━━━━━ SUPPLIED INFORMATION ━━━━━
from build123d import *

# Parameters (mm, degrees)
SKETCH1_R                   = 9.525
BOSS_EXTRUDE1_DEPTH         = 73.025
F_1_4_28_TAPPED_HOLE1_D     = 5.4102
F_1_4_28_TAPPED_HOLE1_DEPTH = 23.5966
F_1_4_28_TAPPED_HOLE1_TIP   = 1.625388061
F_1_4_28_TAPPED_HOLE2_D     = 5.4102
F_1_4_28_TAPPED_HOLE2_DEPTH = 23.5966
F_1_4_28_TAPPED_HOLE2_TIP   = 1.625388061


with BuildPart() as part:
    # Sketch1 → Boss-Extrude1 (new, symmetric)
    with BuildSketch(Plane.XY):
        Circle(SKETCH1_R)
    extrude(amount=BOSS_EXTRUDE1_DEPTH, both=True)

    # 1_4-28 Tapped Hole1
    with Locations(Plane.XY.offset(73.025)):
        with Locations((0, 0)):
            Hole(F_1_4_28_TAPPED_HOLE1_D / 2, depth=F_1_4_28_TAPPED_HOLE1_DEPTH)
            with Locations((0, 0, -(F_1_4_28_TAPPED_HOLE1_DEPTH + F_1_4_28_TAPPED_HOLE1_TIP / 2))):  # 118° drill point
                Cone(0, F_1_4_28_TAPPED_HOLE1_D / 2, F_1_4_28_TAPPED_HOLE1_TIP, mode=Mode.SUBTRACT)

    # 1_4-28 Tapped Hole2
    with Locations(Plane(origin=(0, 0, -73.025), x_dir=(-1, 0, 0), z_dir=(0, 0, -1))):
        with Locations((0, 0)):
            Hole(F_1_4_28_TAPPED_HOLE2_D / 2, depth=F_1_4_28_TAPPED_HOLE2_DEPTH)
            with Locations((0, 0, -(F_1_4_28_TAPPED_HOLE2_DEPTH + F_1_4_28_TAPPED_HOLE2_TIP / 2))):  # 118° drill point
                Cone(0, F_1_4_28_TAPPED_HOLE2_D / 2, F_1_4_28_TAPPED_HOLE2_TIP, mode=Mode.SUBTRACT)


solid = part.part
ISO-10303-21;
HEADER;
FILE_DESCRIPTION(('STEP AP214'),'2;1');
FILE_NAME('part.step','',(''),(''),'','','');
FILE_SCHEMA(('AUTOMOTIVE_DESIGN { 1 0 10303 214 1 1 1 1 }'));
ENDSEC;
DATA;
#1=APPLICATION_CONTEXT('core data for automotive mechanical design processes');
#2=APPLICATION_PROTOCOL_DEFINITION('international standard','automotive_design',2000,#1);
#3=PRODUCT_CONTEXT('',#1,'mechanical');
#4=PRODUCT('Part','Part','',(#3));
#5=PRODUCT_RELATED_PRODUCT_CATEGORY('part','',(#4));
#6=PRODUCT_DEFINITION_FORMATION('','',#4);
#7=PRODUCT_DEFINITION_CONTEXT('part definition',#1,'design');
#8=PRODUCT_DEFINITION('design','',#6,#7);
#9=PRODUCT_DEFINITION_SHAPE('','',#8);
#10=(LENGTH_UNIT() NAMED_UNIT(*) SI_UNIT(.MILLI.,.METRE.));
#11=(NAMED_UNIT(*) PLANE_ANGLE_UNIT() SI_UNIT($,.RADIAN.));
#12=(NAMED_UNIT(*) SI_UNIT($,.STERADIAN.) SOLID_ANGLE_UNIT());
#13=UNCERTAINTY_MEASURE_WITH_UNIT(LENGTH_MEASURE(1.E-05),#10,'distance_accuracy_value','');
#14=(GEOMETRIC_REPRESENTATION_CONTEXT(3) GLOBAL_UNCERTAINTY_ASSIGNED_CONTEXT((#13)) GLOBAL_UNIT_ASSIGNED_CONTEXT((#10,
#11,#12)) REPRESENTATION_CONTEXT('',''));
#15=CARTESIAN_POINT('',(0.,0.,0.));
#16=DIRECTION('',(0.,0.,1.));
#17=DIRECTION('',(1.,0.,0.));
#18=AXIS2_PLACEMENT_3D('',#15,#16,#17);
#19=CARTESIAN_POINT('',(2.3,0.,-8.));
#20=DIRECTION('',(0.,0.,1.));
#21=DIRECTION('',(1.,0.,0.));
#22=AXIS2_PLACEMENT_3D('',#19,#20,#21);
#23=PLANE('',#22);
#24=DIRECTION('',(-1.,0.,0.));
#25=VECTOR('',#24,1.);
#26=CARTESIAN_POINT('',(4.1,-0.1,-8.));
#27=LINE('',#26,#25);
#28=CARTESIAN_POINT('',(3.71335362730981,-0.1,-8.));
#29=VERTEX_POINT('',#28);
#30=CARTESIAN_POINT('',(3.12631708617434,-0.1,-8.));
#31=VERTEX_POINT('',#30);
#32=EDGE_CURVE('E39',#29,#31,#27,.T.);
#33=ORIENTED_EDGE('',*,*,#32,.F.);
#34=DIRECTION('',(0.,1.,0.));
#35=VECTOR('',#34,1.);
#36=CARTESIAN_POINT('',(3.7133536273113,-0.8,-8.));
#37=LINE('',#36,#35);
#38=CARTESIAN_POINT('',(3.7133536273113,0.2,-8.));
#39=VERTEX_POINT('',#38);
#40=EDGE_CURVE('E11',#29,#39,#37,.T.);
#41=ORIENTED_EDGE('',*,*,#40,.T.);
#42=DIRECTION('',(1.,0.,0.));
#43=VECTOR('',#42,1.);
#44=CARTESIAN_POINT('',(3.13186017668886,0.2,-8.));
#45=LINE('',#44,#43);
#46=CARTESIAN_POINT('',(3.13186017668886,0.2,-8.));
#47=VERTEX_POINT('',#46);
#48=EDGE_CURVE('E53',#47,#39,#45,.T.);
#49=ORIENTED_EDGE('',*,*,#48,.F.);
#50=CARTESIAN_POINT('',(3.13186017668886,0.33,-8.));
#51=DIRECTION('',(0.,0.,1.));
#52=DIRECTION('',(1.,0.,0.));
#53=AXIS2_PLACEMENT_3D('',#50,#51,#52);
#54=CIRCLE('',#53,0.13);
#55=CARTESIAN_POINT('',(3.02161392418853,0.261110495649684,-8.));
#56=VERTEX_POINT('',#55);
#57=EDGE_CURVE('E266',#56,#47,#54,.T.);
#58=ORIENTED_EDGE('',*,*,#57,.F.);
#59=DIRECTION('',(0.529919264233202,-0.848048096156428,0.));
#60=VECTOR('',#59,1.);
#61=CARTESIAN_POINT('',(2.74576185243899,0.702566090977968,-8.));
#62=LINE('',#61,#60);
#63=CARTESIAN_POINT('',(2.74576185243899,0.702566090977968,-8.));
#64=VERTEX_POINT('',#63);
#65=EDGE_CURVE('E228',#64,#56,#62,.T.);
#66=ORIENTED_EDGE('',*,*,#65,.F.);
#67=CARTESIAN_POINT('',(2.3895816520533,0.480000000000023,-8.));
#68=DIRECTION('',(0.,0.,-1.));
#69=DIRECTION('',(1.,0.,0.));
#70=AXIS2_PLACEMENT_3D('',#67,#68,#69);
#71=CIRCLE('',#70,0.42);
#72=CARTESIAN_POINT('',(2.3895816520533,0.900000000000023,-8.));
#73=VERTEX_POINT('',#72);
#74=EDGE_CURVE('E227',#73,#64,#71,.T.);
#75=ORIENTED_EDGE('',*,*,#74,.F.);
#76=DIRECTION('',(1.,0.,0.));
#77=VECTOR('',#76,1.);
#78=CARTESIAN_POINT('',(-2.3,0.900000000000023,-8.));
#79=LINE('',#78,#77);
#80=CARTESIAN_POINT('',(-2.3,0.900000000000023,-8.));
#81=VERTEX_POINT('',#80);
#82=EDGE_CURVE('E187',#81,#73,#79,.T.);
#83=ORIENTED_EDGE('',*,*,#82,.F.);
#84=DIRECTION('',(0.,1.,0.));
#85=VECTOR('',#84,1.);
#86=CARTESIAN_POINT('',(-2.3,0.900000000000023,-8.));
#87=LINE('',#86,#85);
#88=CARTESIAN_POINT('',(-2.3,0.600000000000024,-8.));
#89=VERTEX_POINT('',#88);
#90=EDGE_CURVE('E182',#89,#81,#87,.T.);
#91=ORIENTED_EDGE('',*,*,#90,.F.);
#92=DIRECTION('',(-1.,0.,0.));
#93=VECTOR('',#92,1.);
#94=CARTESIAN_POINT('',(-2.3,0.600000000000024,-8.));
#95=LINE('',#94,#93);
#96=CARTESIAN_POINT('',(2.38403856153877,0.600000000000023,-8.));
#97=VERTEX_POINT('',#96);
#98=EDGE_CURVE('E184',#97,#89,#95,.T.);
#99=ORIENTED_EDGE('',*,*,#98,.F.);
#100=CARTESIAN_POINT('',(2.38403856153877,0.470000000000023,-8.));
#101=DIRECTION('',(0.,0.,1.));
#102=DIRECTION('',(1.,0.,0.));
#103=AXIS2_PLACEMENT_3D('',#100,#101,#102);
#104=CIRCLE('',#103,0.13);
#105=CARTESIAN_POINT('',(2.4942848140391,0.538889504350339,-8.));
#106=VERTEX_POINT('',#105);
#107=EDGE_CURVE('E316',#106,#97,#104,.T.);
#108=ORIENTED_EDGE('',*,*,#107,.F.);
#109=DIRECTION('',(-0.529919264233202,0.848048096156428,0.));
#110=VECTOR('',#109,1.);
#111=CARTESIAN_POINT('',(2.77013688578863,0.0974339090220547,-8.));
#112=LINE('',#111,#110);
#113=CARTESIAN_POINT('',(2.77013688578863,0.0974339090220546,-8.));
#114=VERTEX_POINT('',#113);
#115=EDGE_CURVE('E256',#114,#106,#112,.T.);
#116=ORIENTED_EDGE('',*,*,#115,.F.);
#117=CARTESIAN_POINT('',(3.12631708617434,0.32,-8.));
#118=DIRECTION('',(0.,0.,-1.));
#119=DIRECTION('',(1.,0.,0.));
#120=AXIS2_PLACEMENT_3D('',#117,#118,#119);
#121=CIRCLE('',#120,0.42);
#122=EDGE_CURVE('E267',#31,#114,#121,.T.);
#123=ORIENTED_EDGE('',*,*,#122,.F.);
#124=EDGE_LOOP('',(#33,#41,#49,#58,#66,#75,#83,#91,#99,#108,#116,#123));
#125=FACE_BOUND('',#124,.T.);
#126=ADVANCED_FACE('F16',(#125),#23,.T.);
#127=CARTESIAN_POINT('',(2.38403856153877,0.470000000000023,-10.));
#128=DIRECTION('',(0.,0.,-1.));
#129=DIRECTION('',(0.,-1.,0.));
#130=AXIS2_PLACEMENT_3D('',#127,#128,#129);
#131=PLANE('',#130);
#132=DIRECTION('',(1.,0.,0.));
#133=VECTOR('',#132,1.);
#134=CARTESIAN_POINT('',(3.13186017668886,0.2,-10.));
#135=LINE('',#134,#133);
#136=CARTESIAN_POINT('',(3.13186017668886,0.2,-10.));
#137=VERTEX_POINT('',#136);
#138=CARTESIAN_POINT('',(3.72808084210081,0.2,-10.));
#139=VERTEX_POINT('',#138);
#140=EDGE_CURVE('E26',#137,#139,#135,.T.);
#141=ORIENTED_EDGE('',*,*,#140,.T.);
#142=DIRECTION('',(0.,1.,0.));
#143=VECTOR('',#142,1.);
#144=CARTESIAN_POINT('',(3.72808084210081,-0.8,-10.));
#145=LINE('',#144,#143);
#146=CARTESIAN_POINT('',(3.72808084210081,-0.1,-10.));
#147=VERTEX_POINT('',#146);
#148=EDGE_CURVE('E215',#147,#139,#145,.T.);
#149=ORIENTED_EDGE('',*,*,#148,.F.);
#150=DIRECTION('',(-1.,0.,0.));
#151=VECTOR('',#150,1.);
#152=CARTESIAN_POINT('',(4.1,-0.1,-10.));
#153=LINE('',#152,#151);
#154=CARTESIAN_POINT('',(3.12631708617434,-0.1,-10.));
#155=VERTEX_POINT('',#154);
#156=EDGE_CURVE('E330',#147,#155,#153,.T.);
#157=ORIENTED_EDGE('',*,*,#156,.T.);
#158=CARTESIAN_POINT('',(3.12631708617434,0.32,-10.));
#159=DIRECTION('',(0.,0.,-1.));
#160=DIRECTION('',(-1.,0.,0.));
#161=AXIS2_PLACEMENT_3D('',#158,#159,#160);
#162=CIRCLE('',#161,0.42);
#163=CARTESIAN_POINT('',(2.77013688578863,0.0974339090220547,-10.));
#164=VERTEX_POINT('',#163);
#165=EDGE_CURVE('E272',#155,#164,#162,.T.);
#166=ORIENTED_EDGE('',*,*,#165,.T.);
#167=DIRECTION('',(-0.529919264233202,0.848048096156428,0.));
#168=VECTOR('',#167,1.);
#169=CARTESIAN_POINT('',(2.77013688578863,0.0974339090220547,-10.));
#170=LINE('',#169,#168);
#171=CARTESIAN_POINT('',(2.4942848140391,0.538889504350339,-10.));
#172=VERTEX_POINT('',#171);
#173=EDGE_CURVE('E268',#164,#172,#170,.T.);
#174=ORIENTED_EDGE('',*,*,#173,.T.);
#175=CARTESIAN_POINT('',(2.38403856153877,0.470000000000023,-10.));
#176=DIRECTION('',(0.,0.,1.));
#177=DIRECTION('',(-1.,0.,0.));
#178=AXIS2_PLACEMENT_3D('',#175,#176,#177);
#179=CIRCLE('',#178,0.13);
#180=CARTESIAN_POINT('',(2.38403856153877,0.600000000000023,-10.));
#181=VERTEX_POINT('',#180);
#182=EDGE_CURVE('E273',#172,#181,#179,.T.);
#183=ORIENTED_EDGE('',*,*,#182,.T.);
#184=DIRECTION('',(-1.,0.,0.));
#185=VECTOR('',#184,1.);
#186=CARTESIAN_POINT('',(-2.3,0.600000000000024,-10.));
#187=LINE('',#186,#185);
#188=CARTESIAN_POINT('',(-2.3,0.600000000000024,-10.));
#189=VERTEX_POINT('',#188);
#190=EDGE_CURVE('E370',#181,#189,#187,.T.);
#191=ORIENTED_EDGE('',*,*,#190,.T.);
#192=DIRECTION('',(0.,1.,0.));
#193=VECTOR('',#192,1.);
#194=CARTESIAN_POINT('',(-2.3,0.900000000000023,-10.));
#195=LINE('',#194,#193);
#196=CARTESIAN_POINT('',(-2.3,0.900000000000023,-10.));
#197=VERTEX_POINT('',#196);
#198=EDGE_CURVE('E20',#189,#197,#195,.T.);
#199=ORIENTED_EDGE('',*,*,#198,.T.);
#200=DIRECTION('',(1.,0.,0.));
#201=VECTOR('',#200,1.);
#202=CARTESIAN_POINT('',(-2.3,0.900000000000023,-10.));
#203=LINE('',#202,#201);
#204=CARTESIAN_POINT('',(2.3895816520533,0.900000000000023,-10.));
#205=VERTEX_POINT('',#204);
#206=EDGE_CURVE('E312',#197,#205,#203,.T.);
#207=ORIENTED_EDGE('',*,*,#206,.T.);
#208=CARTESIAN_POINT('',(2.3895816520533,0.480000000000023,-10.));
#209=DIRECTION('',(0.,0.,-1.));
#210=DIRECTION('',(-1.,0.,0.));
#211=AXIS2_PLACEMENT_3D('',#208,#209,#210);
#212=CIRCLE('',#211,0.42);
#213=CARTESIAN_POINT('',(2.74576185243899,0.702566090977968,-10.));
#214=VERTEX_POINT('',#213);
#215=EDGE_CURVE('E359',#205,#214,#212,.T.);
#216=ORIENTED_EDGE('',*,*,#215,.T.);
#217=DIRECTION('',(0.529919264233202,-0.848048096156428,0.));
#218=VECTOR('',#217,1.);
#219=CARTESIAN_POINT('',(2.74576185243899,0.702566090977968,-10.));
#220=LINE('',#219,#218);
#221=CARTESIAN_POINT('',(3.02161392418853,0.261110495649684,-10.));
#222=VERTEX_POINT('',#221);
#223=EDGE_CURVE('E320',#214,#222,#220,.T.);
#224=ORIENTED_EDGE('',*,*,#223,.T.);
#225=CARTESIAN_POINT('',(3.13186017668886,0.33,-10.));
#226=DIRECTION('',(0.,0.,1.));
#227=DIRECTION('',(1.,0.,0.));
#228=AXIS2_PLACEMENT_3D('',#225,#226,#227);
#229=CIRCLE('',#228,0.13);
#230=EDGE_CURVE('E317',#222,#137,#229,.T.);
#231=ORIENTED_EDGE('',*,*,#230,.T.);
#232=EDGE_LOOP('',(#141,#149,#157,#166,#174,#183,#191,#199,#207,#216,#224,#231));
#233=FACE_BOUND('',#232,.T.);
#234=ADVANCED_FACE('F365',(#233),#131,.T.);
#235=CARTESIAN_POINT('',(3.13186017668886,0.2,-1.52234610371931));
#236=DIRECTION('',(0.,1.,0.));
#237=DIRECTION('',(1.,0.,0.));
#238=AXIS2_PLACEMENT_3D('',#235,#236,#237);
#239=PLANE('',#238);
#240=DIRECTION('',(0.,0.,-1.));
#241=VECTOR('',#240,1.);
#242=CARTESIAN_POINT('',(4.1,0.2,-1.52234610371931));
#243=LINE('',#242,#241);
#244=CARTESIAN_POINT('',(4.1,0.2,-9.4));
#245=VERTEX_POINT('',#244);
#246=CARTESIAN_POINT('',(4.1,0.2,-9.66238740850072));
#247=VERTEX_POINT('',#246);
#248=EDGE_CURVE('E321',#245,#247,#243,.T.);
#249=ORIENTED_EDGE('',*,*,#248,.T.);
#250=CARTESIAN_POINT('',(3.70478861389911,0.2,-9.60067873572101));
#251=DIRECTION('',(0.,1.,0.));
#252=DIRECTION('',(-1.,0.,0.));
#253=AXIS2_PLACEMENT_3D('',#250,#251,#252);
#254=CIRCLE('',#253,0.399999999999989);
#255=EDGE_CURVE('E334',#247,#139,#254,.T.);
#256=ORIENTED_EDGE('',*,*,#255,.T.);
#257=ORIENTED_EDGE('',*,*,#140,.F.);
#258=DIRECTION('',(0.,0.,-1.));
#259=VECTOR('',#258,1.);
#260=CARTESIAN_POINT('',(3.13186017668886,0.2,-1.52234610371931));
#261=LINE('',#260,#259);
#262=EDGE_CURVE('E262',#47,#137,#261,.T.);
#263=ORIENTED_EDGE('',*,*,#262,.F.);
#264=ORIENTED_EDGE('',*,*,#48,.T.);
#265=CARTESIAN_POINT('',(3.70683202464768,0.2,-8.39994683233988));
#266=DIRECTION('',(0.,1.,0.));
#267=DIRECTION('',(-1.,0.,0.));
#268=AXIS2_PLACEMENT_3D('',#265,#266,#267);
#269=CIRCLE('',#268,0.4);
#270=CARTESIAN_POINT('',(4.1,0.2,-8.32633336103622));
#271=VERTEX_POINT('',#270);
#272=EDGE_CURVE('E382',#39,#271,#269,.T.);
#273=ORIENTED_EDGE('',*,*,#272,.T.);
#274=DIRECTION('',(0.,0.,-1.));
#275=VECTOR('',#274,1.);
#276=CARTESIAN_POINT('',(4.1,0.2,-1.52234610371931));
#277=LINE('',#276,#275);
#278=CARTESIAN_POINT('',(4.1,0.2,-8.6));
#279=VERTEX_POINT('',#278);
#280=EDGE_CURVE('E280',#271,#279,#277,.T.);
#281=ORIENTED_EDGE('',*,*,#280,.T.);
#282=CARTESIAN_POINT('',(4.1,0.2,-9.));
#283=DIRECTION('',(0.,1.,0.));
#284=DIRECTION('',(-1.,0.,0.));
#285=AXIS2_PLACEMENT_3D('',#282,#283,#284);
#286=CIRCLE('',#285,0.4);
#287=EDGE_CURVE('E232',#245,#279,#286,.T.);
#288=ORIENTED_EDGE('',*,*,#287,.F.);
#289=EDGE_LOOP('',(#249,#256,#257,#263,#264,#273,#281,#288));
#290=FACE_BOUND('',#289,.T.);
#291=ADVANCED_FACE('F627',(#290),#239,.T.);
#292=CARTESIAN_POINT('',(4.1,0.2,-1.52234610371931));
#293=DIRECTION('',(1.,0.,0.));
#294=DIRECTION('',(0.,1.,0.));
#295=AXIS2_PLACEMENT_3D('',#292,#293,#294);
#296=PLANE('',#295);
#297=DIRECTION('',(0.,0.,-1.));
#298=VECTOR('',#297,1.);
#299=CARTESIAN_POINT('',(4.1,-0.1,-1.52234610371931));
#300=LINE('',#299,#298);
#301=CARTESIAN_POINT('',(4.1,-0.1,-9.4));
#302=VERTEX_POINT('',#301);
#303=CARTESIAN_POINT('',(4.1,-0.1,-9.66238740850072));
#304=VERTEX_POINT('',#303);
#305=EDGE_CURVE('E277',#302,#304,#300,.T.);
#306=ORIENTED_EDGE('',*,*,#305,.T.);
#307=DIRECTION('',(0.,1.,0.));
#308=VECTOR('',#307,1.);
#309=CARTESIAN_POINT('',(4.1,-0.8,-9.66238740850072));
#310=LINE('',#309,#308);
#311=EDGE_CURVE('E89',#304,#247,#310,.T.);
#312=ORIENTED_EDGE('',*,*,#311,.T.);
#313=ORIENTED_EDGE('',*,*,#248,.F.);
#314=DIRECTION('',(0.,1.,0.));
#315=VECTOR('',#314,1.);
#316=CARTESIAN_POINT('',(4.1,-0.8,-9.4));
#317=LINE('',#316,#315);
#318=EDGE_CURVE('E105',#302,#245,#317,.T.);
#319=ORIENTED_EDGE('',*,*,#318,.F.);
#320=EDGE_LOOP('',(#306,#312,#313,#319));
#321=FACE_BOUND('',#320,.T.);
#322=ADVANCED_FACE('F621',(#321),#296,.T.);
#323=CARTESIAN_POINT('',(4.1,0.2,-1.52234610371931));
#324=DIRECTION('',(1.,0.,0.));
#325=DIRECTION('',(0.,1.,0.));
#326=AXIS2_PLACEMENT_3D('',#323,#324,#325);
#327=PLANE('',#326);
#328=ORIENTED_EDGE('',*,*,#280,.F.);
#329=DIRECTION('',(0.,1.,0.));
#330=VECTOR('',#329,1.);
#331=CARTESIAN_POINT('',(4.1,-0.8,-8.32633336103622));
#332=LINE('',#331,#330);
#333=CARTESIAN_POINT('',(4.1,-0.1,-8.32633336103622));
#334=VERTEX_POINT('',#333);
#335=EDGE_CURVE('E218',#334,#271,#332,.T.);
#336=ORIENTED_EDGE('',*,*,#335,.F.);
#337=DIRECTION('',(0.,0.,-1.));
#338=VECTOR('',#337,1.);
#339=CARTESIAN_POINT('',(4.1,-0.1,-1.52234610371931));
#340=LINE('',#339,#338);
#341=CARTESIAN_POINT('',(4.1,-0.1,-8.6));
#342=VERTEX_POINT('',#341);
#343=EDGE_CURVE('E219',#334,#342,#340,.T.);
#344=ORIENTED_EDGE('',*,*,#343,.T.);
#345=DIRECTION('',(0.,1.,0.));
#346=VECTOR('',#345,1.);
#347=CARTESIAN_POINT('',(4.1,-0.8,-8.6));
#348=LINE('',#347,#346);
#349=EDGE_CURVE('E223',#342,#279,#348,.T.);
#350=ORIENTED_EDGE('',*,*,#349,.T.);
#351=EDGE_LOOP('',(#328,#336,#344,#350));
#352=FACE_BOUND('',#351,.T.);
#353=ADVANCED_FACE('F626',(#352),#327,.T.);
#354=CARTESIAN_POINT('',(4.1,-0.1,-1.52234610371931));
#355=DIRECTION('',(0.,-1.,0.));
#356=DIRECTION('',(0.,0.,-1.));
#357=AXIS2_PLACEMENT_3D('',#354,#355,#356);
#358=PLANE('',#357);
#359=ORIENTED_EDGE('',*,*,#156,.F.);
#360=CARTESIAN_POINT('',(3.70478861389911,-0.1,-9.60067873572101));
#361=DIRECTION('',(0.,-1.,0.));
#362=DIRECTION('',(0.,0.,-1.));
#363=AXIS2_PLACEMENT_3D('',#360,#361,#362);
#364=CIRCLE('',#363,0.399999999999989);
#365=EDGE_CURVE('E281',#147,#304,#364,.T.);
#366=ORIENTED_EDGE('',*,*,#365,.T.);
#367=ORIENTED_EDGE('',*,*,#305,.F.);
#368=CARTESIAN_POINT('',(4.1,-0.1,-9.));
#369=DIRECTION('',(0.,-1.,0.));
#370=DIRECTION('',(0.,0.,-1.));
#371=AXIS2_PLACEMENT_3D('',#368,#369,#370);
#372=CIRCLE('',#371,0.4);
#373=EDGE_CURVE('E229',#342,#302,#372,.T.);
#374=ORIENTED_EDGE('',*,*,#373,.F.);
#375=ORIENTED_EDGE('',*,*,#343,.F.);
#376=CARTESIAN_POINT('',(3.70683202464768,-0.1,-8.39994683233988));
━━━━━
_YOUR OBJECTIVE_
Transcribe, with no changes, the listing above from its first line through the line with "with BuildPart() as", including that line, and stop once it is done.

_RESPONSE BELOW_
from build123d import *

# Parameters (mm, degrees)
SKETCH1_R                   = 9.525
BOSS_EXTRUDE1_DEPTH         = 73.025
F_1_4_28_TAPPED_HOLE1_D     = 5.4102
F_1_4_28_TAPPED_HOLE1_DEPTH = 23.5966
F_1_4_28_TAPPED_HOLE1_TIP   = 1.625388061
F_1_4_28_TAPPED_HOLE2_D     = 5.4102
F_1_4_28_TAPPED_HOLE2_DEPTH = 23.5966
F_1_4_28_TAPPED_HOLE2_TIP   = 1.625388061


with BuildPart() as part:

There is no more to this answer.